As the lower court found, "[before] and after February 16, 1961 United officials informed IRCA that unless the Ripley judgment required rate of $130 per banana carload was reduced to $90, the Tiquisate operations might have to be liquidated. IRCA refused to reduce the $130 Ripley - decreed rate."*fn8 Furthermore, the main IRCA-CAG agreement, which included the scheduling of rates, was to expire on December 31, 1962, so that the freight rates were due for renegotiation at that time. However, IRCA took the position that the main contract did not expire until the end of 1967, and refused to consider the renegotiation of rates. (IRCA's interpretation of the contract expiration date was expressly rejected by the court below, 358 F. Supp. at 1374-76, which found the main agreement, by its very terms, to expire at the end of 1962, not 1967.) Thereafter, UF-CAG decided to liquidate the Tiquisate properties.

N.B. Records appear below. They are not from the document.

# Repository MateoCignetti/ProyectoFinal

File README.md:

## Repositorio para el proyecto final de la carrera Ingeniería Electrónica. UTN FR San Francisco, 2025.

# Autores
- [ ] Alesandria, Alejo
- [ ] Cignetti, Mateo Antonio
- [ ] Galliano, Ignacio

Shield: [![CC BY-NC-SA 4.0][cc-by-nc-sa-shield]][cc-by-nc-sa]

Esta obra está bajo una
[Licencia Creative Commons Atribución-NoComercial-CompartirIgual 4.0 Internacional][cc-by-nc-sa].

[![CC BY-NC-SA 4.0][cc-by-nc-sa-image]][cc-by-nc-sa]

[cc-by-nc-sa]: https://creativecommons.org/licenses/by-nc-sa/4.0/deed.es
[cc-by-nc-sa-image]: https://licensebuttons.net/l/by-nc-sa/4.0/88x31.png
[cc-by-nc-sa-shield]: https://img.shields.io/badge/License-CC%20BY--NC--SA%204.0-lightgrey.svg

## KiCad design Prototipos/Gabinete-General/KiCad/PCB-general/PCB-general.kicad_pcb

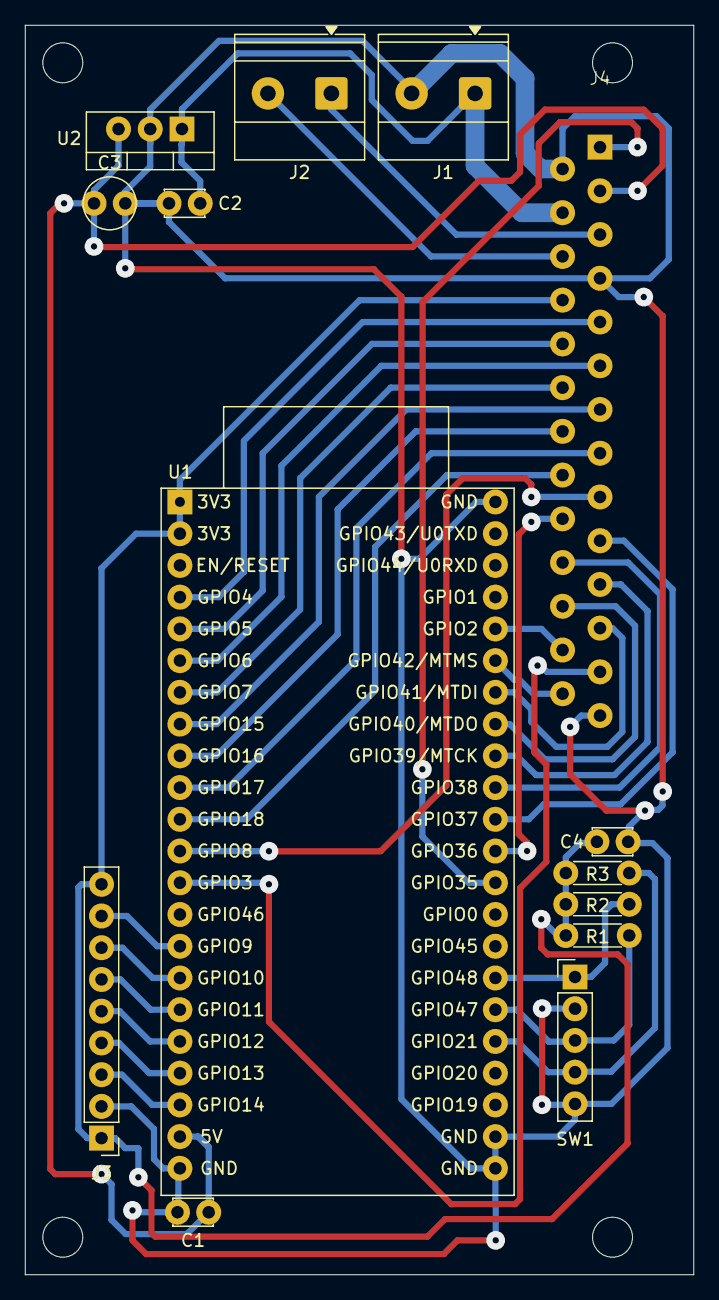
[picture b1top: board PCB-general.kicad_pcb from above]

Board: 2 copper layers, 53.5 x 100.0 mm, 18 parts (0 on the bottom side), 34 nets.

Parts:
C1, C2: 330 nF; C_Disc_D3.0mm_W2.0mm_P2.50mm
C3: 1uF; C_Radial_D4.0mm_H7.0mm_P1.50mm
C4: 100 nF; C_Disc_D3.0mm_W2.0mm_P2.50mm
J1, J2: Conn_01x02; TerminalBlock_Phoenix_MKDS-1,5-2-5.08_1x02_P5.08mm_Horizont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
J3: TFT Display; PinHeader_1x09_P2.54mm_Vertical
J4: PCIe X4; PCIE_x4_Gabinete_NSH
M3_BL, M3_BR, M3_TL, M3_TR: MountingHole_3.2mm_M3
R1, R2, R3: 10k; R_Axial_DIN0204_L3.6mm_D1.6mm_P5.08mm_Horizontal
SW1: RotaryEncoder_Switch; PinHeader_1x05_P2.54mm_Vertical
U1: ESP32-S3-DevKitC; ESP32-S3-DevKitC_NSH
U2: LM7805_TO220; TO-220-3_Vertical

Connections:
3.3Vdc: C4.2, J3.1 (Vcc), J3.9 (LED), J4.8 (3,3Vdc_Signal), R1.1, R2.1, R3.1, U1.1 (3V3), U1.2 (3V3)
5Vdc: C1.1, C3.1, J4.3 (5Vdc), U1.21 (5V), U2.3 (VO)
12Vdc: C2.1, J1.1, J4.4 (12Vdc), U2.1 (VI)
48Vac_L: J2.1, J4.5 (48Vac_L)
48Vac_N: J2.2, J4.6 (48Vac_N)
GND: C1.2, C2.2, C3.2, C4.1, J1.2, J3.2 (GND), J4.2 (PGND), J4.7 (AGND), SW1.2, SW1.5, U1.22 (GND), U1.23 (GND), U1.24 (GND), U1.44 (GND), U2.2 (GND)
PCIe_HP_Power: J4.1 (HP_Power), U1.32 (GPIO35)
PCIe_HP_Signal: J4.26 (HP_Signal), U1.39 (GPIO42/MTMS)
PCIe_MODULE_IDENT: J4.25 (MODULE_IDENT), U1.13 (GPIO3/ADC1_CH2)
PCIe_S1: J4.9 (S1), U1.4 (GPIO4/ADC1_CH3)
PCIe_S2: J4.10 (S2), U1.5 (GPIO5/ADC1_CH4)
PCIe_S3: J4.11 (S3), U1.6 (GPIO6/ADC1_CH5)
PCIe_S4: J4.12 (S4), U1.7 (GPIO7/ADC1_CH6)
PCIe_S5: J4.13 (S5), U1.8 (GPIO15/ADC2_CH4/32K_P)
PCIe_S6: J4.14 (S6), U1.9 (GPIO16/ADC2_CH5/32K_N)
PCIe_S7: J4.15 (S7), U1.10 (GPIO17/ADC2_CH6)
PCIe_S8: J4.16 (S8), U1.11 (GPIO18/ADC2_CH7)
PCIe_S9: J4.17 (S9), U1.12 (GPIO8/ADC1_CH7)
PCIe_S10: J4.18 (S10), U1.33 (GPIO36)
PCIe_S11: J4.19 (S11), U1.34 (GPIO37)
PCIe_S12: J4.20 (S12), U1.35 (GPIO38)
PCIe_S13: J4.21 (S13), U1.36 (GPIO39/MTCK)
PCIe_S14: J4.22 (S14), U1.37 (GPIO40/MTDO)
PCIe_S15: J4.23 (S15), U1.38 (GPIO41/MTDI)
PCIe_S16: J4.24 (S16), U1.40 (GPIO2/ADC1_CH1)
ROTARY_CLK: R2.2, SW1.1, U1.29 (GPIO48)
ROTARY_DATA: R1.2, SW1.3, U1.28 (GPIO47)
ROTARY_SW: R3.2, SW1.4, U1.27 (GPIO21)
TFT_CS: J3.3 (CS), U1.20 (GPIO14/ADC2_CH3)
TFT_DC: J3.5 (DC), U1.18 (GPIO12/ADC2_CH1)
TFT_MISO: J3.8 (MISO), U1.15 (GPIO9/ADC1_CH8)
TFT_MOSI: J3.6 (MOSI), U1.17 (GPIO11/ADC2_CH0)
TFT_RESET: J3.4 (RESET), U1.19 (GPIO13/ADC2_CH2)
TFT_SCK: J3.7 (SCK), U1.16 (GPIO10/ADC1_CH9)

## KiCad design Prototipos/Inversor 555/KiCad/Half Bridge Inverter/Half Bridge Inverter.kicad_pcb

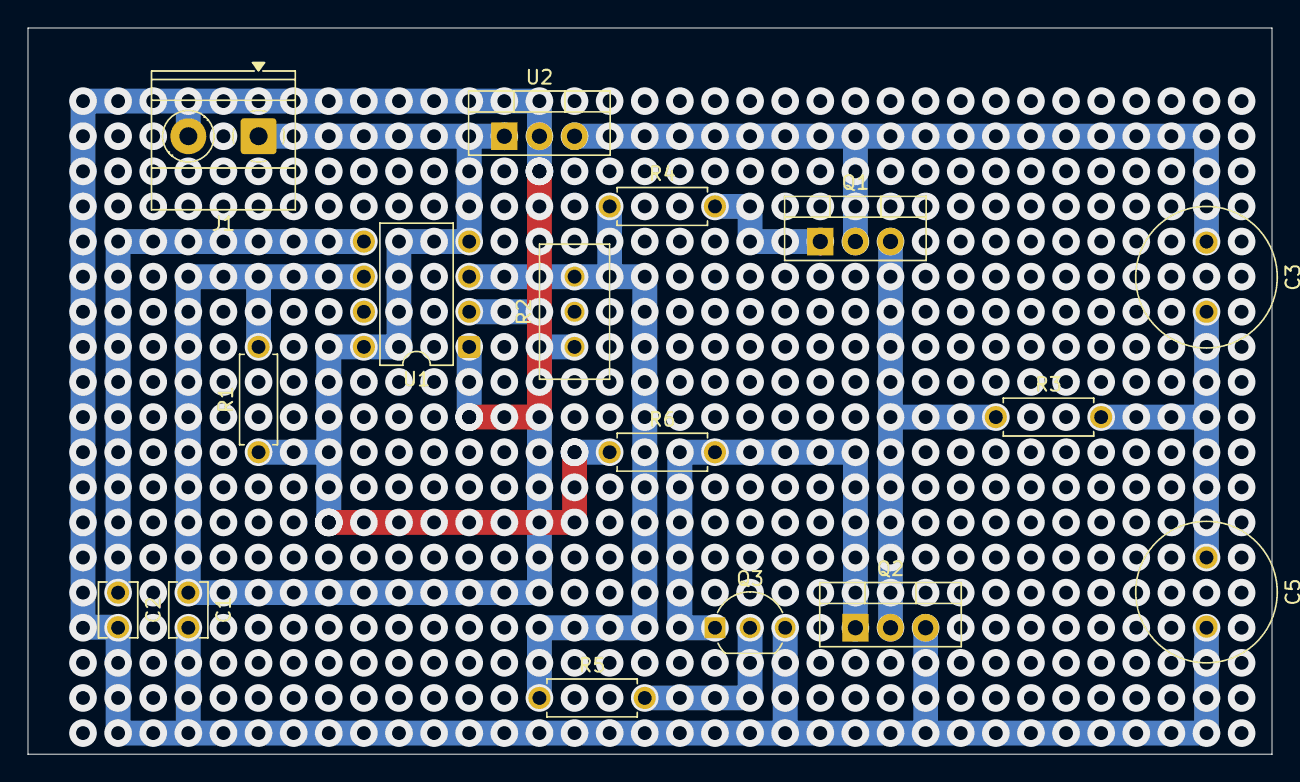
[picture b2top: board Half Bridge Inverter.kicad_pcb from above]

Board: 2 copper layers, 90.0 x 52.5 mm, 16 parts (0 on the bottom side), 11 nets.

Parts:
C1: 10u; C_Disc_D3.8mm_W2.6mm_P2.50mm
C2: 0.01u; C_Disc_D3.8mm_W2.6mm_P2.50mm
C3, C5: 1000u; C_Radial_D10.0mm_H16.0mm_P5.00mm
J1: Screw_Terminal_01x02; TerminalBlock_Phoenix_MKDS-1,5-2-5.08_1x02_P5.08mm_Horizont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
Q1, Q2: IRF4905; TO-220-3_Vertical
Q3: BC548; TO-92_Inline_Wide
R1: 100k; R_Axial_DIN0207_L6.3mm_D2.5mm_P7.62mm_Horizontal
R2: 1443; Potentiometer_Bourns_3296W_Vertical
R3: Carga; R_Axial_DIN0207_L6.3mm_D2.5mm_P7.62mm_Horizontal
R4: 100; R_Axial_DIN0207_L6.3mm_D2.5mm_P7.62mm_Horizontal
R5: 5,6k; R_Axial_DIN0207_L6.3mm_D2.5mm_P7.62mm_Horizontal
R6: 120; R_Axial_DIN0207_L6.3mm_D2.5mm_P7.62mm_Horizontal
U1: TLC555xD; DIP-8_W7.62mm
U2: LM7809_TO220; TO-220-3_Vertical

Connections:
555: R2.1, R4.1, R5.1, U1.3 (Q)
Earth: C1.2, C2.2, C5.2, J1.1, Q2.3 (S), Q3.3 (E), U1.1 (GND), U2.2 (GND)
unnamed: C3.2, C5.1, R3.2
unnamed: C3.1, Q1.2 (D), U2.3 (VO)
unnamed: Q1.1 (G), R4.2
unnamed: Q1.3 (S), Q2.2 (D), R3.1
unnamed: Q2.1 (G), Q3.1 (C), R6.2
unnamed: Q3.2 (B), R5.2
unnamed: C2.1, U1.5 (CV)
unnamed: C1.1, R1.2, R2.3, U1.2 (TR), U1.6 (THR)
VDD: J1.2, R1.1, R6.1, U1.4 (R), U1.8 (VCC), U2.1 (VI)

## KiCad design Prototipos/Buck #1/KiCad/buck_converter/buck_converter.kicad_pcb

It was found as a fact below*fn9 that UF, starting in 1961, began a company-wide program to sell or otherwise dispose of many unproductive land holdings; eventually, properties in Ecuador, Costa Rica, Honduras, Guatemala, and other countries were liquidated. With respect to Guatemala, it was found that after the Communist takeover of that country in the early fifties, the political climate was at best inhospitable. Besides widespread riots and labor strife,*fn10 the ...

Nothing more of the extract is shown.